July 2018 SW Climate Update - ENSO Tracker
Oceanic and atmospheric conditions remained ENSO-neutral over the last month (Figs. 1-2) and most ENSO forecasts and outlooks reflect that. On July 10, the Japanese Meteorological Agency (JMA) identified neutral conditions in oceanic and atmospheric indicators, but with indications of warming oceanic temperatures in the coming months. The agency forecast equal chances (50 percent) of either ENSO-neutral or El Niño by fall 2018. On July 12, the NOAA Climate Prediction Center (CPC) continued its El Niño watch, observing neutral conditions at present, however the warming oceanic temperatures are seen as an indicator of increasing likelihood of El Niño this year. Its outlook calls for a 65-percent chance of an El Niño event developing this fall, increasing to 70 percent this winter. On July 12, the International Research Institute (IRI) issued an ENSO Quick Look that similarly noted neutral conditions in the oceans and atmosphere now and warming oceanic conditions increasing forecast probabilities for an El Niño event to nearly 70 percent by the end of 2018 (Fig. 3). The forecast predicts weak conditions in the initial event development but potentially reaching moderate strength during the fall and winter. On July 17, the Australian Bureau of Meteorology rated its ENSO Outlook at “El Niño Watch.” Most indicators were within the range of neutral, but they too noted steady warming of surface and subsurface waters in the Pacific Ocean that warrant a 50-percent chance of El Niño formation by the end of this year. The North American Multi-Model Ensemble (NMME) also demonstrates the steady trend in observations and forecast toward warmer-than-average ocean temperatures, and is zeroing in on a weak to borderline moderate El Niño event by the end of 2018 (Fig. 4).

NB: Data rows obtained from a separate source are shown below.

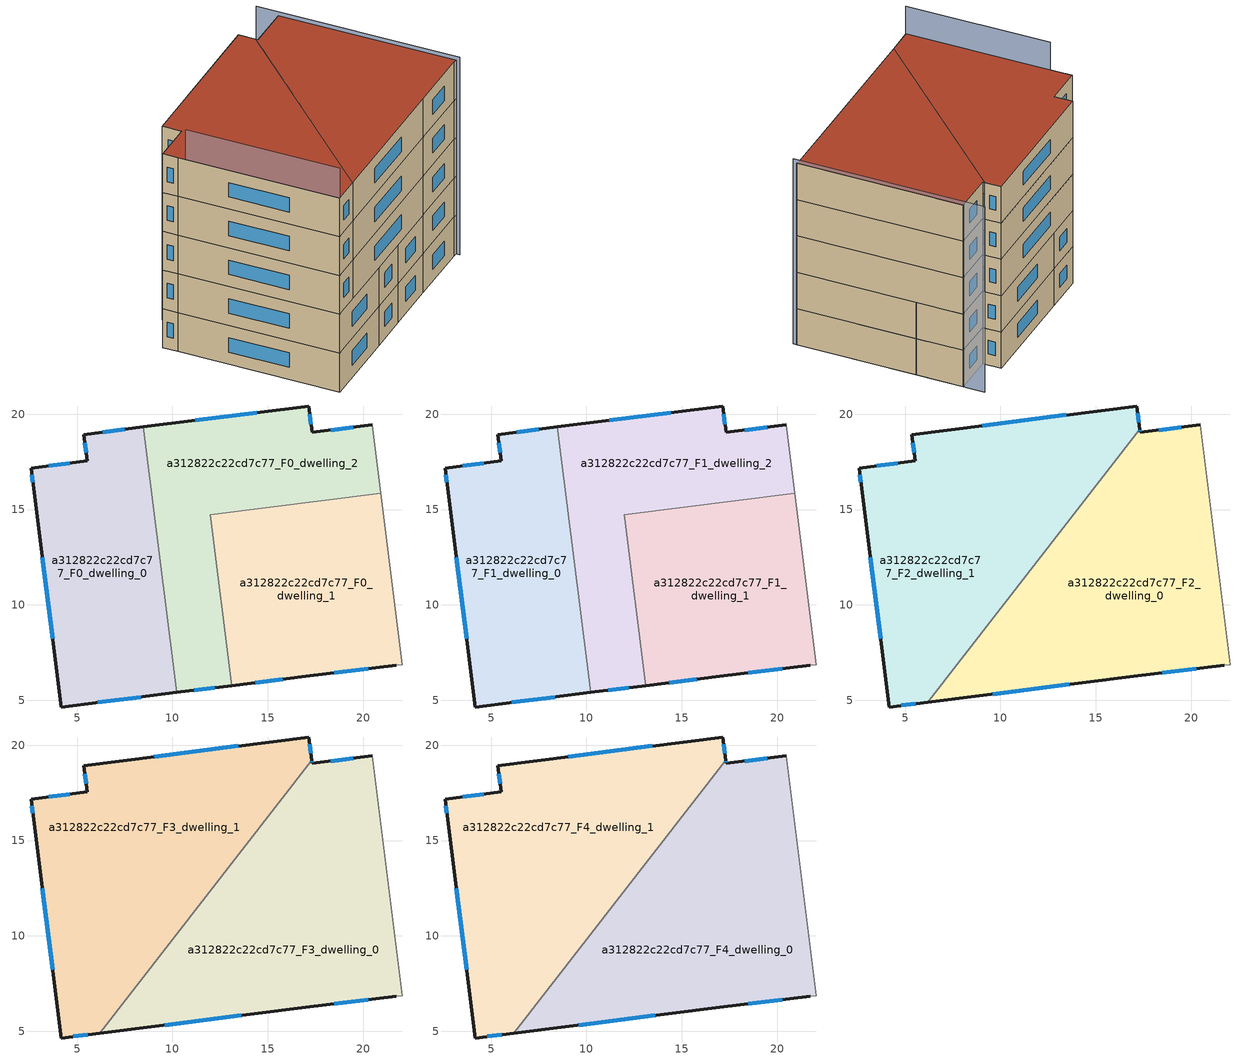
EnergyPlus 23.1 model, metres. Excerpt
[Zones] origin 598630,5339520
a312822c22cd7c77_F0_dwelling_0
 floor ground (EU_floor_Construction): 8.47,19.33 10.22,5.41 4.18,4.65 2.73,16.1 2.59,17.17 5.54,17.54 5.36,18.93 z0
 wall outside (EU_wall_Construction): 8.47,19.33 5.36,18.93 5.54,17.54 2.59,17.17 2.73,16.1 4.18,4.65 10.22,5.41 z0:3
 wall to a312822c22cd7c77_F0_dwelling_2 (EU_wall_Construction): 10.22,5.41 8.47,19.33 z0:3
 window (EU_Window_Construction): 6.07,4.89 8.33,5.18 / 3.18,12.51 3.72,8.24 / 2.63,16.84 2.68,16.43 / 4.62,17.43 3.51,17.29 / 5.41,18.5 5.48,17.98 / 7.49,19.2 6.33,19.06 z0.94:2.06
a312822c22cd7c77_F0_dwelling_1
 floor ground (EU_floor_Construction): 20.92,15.87 22.05,6.86 21.74,6.84 17,6.27 13.11,5.78 11.98,14.74 z0
 wall outside (EU_wall_Construction): 13.11,5.78 17,6.27 21.74,6.84 z0:3
 wall to a312822c22cd7c77_F0_dwelling_2 (EU_wall_Construction): 20.92,15.87 11.98,14.74 13.11,5.78 z0:3
 wall adiabatic (EU_wall_Construction): 21.74,6.84 22.05,6.86 20.92,15.87 z0:3
 window (EU_Window_Construction): 18.48,6.45 20.25,6.66 / 14.33,5.93 15.78,6.11 z0.94:2.06
a312822c22cd7c77_F0_dwelling_2
 floor ground (EU_floor_Construction): 20.47,19.43 20.92,15.87 11.98,14.74 13.11,5.78 10.22,5.41 8.47,19.33 17.14,20.43 17.31,19.04 z0
 wall outside (EU_wall_Construction): 20.47,19.43 17.31,19.04 17.14,20.43 8.47,19.33 / 10.22,5.41 13.11,5.78 z0:3
 wall adiabatic (EU_wall_Construction): 20.92,15.87 20.47,19.43 z0:3
 window (EU_Window_Construction): 19.48,19.31 18.3,19.16 / 11.13,5.53 12.21,5.66 / 14.42,20.08 11.19,19.67 / 17.26,19.47 17.19,19.99 z0.94:2.06
a312822c22cd7c77_F1_dwelling_0
 floor to a312822c22cd7c77_F0_dwelling_0 (EU_floor_Construction): 8.47,19.33 10.22,5.41 4.18,4.65 2.73,16.1 2.59,17.17 5.54,17.54 5.36,18.93 z3
 wall outside (EU_wall_Construction): 8.47,19.33 5.36,18.93 5.54,17.54 2.59,17.17 2.73,16.1 4.18,4.65 10.22,5.41 z3:6
 wall to a312822c22cd7c77_F1_dwelling_2 (EU_wall_Construction): 10.22,5.41 8.47,19.33 z3:6
 window (EU_Window_Construction): 6.07,4.89 8.33,5.18 / 3.18,12.51 3.72,8.24 / 2.63,16.84 2.68,16.43 / 4.62,17.43 3.51,17.29 / 5.41,18.5 5.48,17.98 / 7.49,19.2 6.33,19.06 z3.94:5.06
a312822c22cd7c77_F1_dwelling_1
 floor to a312822c22cd7c77_F0_dwelling_1 (EU_floor_Construction): 20.92,15.87 22.05,6.86 21.74,6.84 17,6.27 13.11,5.78 11.98,14.74 z3
 wall outside (EU_wall_Construction): 13.11,5.78 17,6.27 21.74,6.84 z3:6
 wall to a312822c22cd7c77_F1_dwelling_2 (EU_wall_Construction): 20.92,15.87 11.98,14.74 13.11,5.78 z3:6
 wall adiabatic (EU_wall_Construction): 21.74,6.84 22.05,6.86 20.92,15.87 z3:6
 window (EU_Window_Construction): 18.48,6.45 20.25,6.66 / 14.33,5.93 15.78,6.11 z3.94:5.06
a312822c22cd7c77_F1_dwelling_2
 floor to a312822c22cd7c77_F0_dwelling_2 (EU_floor_Construction): 20.47,19.43 20.92,15.87 11.98,14.74 13.11,5.78 10.22,5.41 8.47,19.33 17.14,20.43 17.31,19.04 z3
 wall outside (EU_wall_Construction): 20.47,19.43 17.31,19.04 17.14,20.43 8.47,19.33 / 10.22,5.41 13.11,5.78 z3:6
 wall adiabatic (EU_wall_Construction): 20.92,15.87 20.47,19.43 z3:6
 window (EU_Window_Construction): 19.48,19.31 18.3,19.16 / 11.13,5.53 12.21,5.66 / 14.42,20.08 11.19,19.67 / 17.26,19.47 17.19,19.99 z3.94:5.06
a312822c22cd7c77_F2_dwelling_0
 floor to a312822c22cd7c77_F1_dwelling_1 (EU_floor_Construction): 20.92,15.87 22.05,6.86 21.74,6.84 17,6.27 13.11,5.78 12.24,12.69 14.03,15 z6
 floor to a312822c22cd7c77_F1_dwelling_0 (EU_floor_Construction): 9.72,9.44 10.22,5.41 6.2,4.91 z6
 floor to a312822c22cd7c77_F1_dwelling_2 (EU_floor_Construction): 20.47,19.43 20.92,15.87 14.03,15 17.29,19.2 17.31,19.04 z6; 12.24,12.69 13.11,5.78 10.22,5.41 9.72,9.44 z6
 wall outside (EU_wall_Construction): 6.2,4.91 17,6.27 21.74,6.84 / 20.47,19.43 17.31,19.04 17.29,19.2 z6:9
 wall to a312822c22cd7c77_F2_dwelling_1 (EU_wall_Construction): 17.29,19.2 6.2,4.91 z6:9
 wall adiabatic (EU_wall_Construction): 21.74,6.84 22.05,6.86 20.47,19.43 z6:9
 window (EU_Window_Construction): 18.48,6.45 20.25,6.66 / 9.58,5.33 13.61,5.84 / 17.31,19.09 17.3,19.15 / 19.48,19.31 18.3,19.16 z6.94:8.06
a312822c22cd7c77_F2_dwelling_1
 floor to a312822c22cd7c77_F1_dwelling_0 (EU_floor_Construction): 8.47,19.33 9.72,9.44 6.2,4.91 4.18,4.65 2.73,16.1 2.59,17.17 5.54,17.54 5.36,18.93 z6
 floor to a312822c22cd7c77_F1_dwelling_2 (EU_floor_Construction): 17.14,20.43 17.29,19.2 14.03,15 11.98,14.74 12.24,12.69 9.72,9.44 8.47,19.33 z6
 floor to a312822c22cd7c77_F1_dwelling_1 (EU_floor_Construction): 14.03,15 12.24,12.69 11.98,14.74 z6
 wall outside (EU_wall_Construction): 17.29,19.2 17.14,20.43 5.36,18.93 5.54,17.54 2.59,17.17 2.73,16.1 4.18,4.65 6.2,4.91 z6:9
 window (EU_Window_Construction): 4.81,4.73 5.56,4.83 / 3.18,12.51 3.72,8.24 / 2.63,16.84 2.68,16.43 / 4.62,17.43 3.51,17.29 / 5.41,18.5 5.48,17.98 / 13.45,19.96 9.05,19.4 / 17.24,19.59 17.19,20.04 z6.94:8.06
a312822c22cd7c77_F3_dwelling_0
 floor to a312822c22cd7c77_F2_dwelling_0 (EU_floor_Construction): 20.47,19.43 22.05,6.86 21.74,6.84 17,6.27 6.2,4.91 17.29,19.2 17.31,19.04 z9
 wall outside (EU_wall_Construction): 6.2,4.91 17,6.27 21.74,6.84 / 20.47,19.43 17.31,19.04 17.29,19.2 z9:12
 wall to a312822c22cd7c77_F3_dwelling_1 (EU_wall_Construction): 17.29,19.2 6.2,4.91 z9:12
 wall adiabatic (EU_wall_Construction): 21.74,6.84 22.05,6.86 20.47,19.43 z9:12
 window (EU_Window_Construction): 18.48,6.45 20.25,6.66 / 9.58,5.33 13.61,5.84 / 17.31,19.09 17.3,19.15 / 19.48,19.31 18.3,19.16 z9.94:11.06
a312822c22cd7c77_F3_dwelling_1
 floor to a312822c22cd7c77_F2_dwelling_1 (EU_floor_Construction): 17.14,20.43 17.29,19.2 6.2,4.91 4.18,4.65 2.73,16.1 2.59,17.17 5.54,17.54 5.36,18.93 z9
 wall outside (EU_wall_Construction): 17.29,19.2 17.14,20.43 5.36,18.93 5.54,17.54 2.59,17.17 2.73,16.1 4.18,4.65 6.2,4.91 z9:12
 window (EU_Window_Construction): 4.81,4.73 5.56,4.83 / 3.18,12.51 3.72,8.24 / 2.63,16.84 2.68,16.43 / 4.62,17.43 3.51,17.29 / 5.41,18.5 5.48,17.98 / 13.45,19.96 9.05,19.4 / 17.24,19.59 17.19,20.04 z9.94:11.06
a312822c22cd7c77_F4_dwelling_0
 floor to a312822c22cd7c77_F3_dwelling_0 (EU_floor_Construction): 20.47,19.43 22.05,6.86 21.74,6.84 17,6.27 6.2,4.91 17.29,19.2 17.31,19.04 z12
 wall outside (EU_wall_Construction): 6.2,4.91 17,6.27 21.74,6.84 / 20.47,19.43 17.31,19.04 17.29,19.2 z12:15
 wall to a312822c22cd7c77_F4_dwelling_1 (EU_wall_Construction): 17.29,19.2 6.2,4.91 z12:15
 wall adiabatic (EU_wall_Construction): 21.74,6.84 22.05,6.86 20.47,19.43 z12:15
 window (EU_Window_Construction): 18.48,6.45 20.25,6.66 / 9.58,5.33 13.61,5.84 / 17.31,19.09 17.3,19.15 / 19.48,19.31 18.3,19.16 z12.94:14.06
 roof outside (EU_roof_Construction): 22.05,6.86 20.47,19.43 17.31,19.04 17.29,19.2 6.2,4.91 17,6.27 21.74,6.84 z15
a312822c22cd7c77_F4_dwelling_1
 floor to a312822c22cd7c77_F3_dwelling_1 (EU_floor_Construction): 17.14,20.43 17.29,19.2 6.2,4.91 4.18,4.65 2.73,16.1 2.59,17.17 5.54,17.54 5.36,18.93 z12
 wall outside (EU_wall_Construction): 17.29,19.2 17.14,20.43 5.36,18.93 5.54,17.54 2.59,17.17 2.73,16.1 4.18,4.65 6.2,4.91 z12:15
 window (EU_Window_Construction): 4.81,4.73 5.56,4.83 / 3.18,12.51 3.72,8.24 / 2.63,16.84 2.68,16.43 / 4.62,17.43 3.51,17.29 / 5.41,18.5 5.48,17.98 / 13.45,19.96 9.05,19.4 / 17.24,19.59 17.19,20.04 z12.94:14.06
 roof outside (EU_roof_Construction): 6.2,4.91 17.29,19.2 17.14,20.43 5.36,18.93 5.54,17.54 2.59,17.17 2.73,16.1 4.18,4.65 z15
shading: 22.07,6.6 20.27,21.02 z0:15.3; 2.8,15.55 4.18,4.65 z0:17.3
[Building]
EU S2 Campaign: North Axis=0; Terrain=City; Solar Distribution=FullExterior
[Site:Location]
Vienna: Latitude=48; Longitude=16.5; Time Zone=1; Elevation=183
[SizingPeriod:WeatherFileDays]
AnnualSizingPeriod: Begin Month=1; Begin Day of Month=1; End Month=12; End Day of Month=31; Day of Week for Start Day=Monday; Use Weather File Daylight Saving Period=No; Use Weather File Rain and Snow Indicators=No
[MATERIAL]
EU_InternalMass_Material: Roughness=MediumRough; Thickness=0.1; Conductivity=1; Density=1800; Specific Heat=900; Thermal Absorptance=0.9; Solar Absorptance=0.7; Visible Absorptance=0.7
[MATERIAL:NOMASS] Roughness=MediumRough; Thermal Absorptance=0.9; Solar Absorptance=0.7; Visible Absorptance=0.7
Name | Thermal Resistance
EU_wall_NoMass | 0.914258
EU_roof_NoMass | 0.954009
EU_floor_NoMass | 1.09711
[WINDOWMATERIAL:SIMPLEGLAZINGSYSTEM]
EU_Window_SimpleGlazing: UFactor=2.09642; Solar Heat Gain Coefficient=0.65; Visible Transmittance=0.65
[CONSTRUCTION]
EU_wall_Construction: EU_wall_NoMass
EU_roof_Construction: EU_roof_NoMass
EU_floor_Construction: EU_floor_NoMass
EU_Window_Construction: EU_Window_SimpleGlazing
EU_InternalMass_Construction: EU_InternalMass_Material
[ZONE] Type=1; Multiplier=1; Ceiling Height=autocalculate; Floor Area=autocalculate; Part of Total Floor Area=Yes
Name | Volume
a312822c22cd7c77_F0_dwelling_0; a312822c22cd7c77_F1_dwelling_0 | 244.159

Summary: Steady warming in surface and subsurface temperatures in the Pacific led to increasingly bullish forecasts for an El Niño event by the end of 2018, perhaps even sooner. Given the timing and uncertainty in the models and forecasts, the formation of this event is still far from certain, however as mentioned last month, a La Niña event is all but impossible this year. Additionally, the intensity and timing of the event will play a large role in how much it affects tropical storm activity this fall and cool-season precipitation this winter and spring. Most outlooks—for now—are calling for a weak to borderline moderate event.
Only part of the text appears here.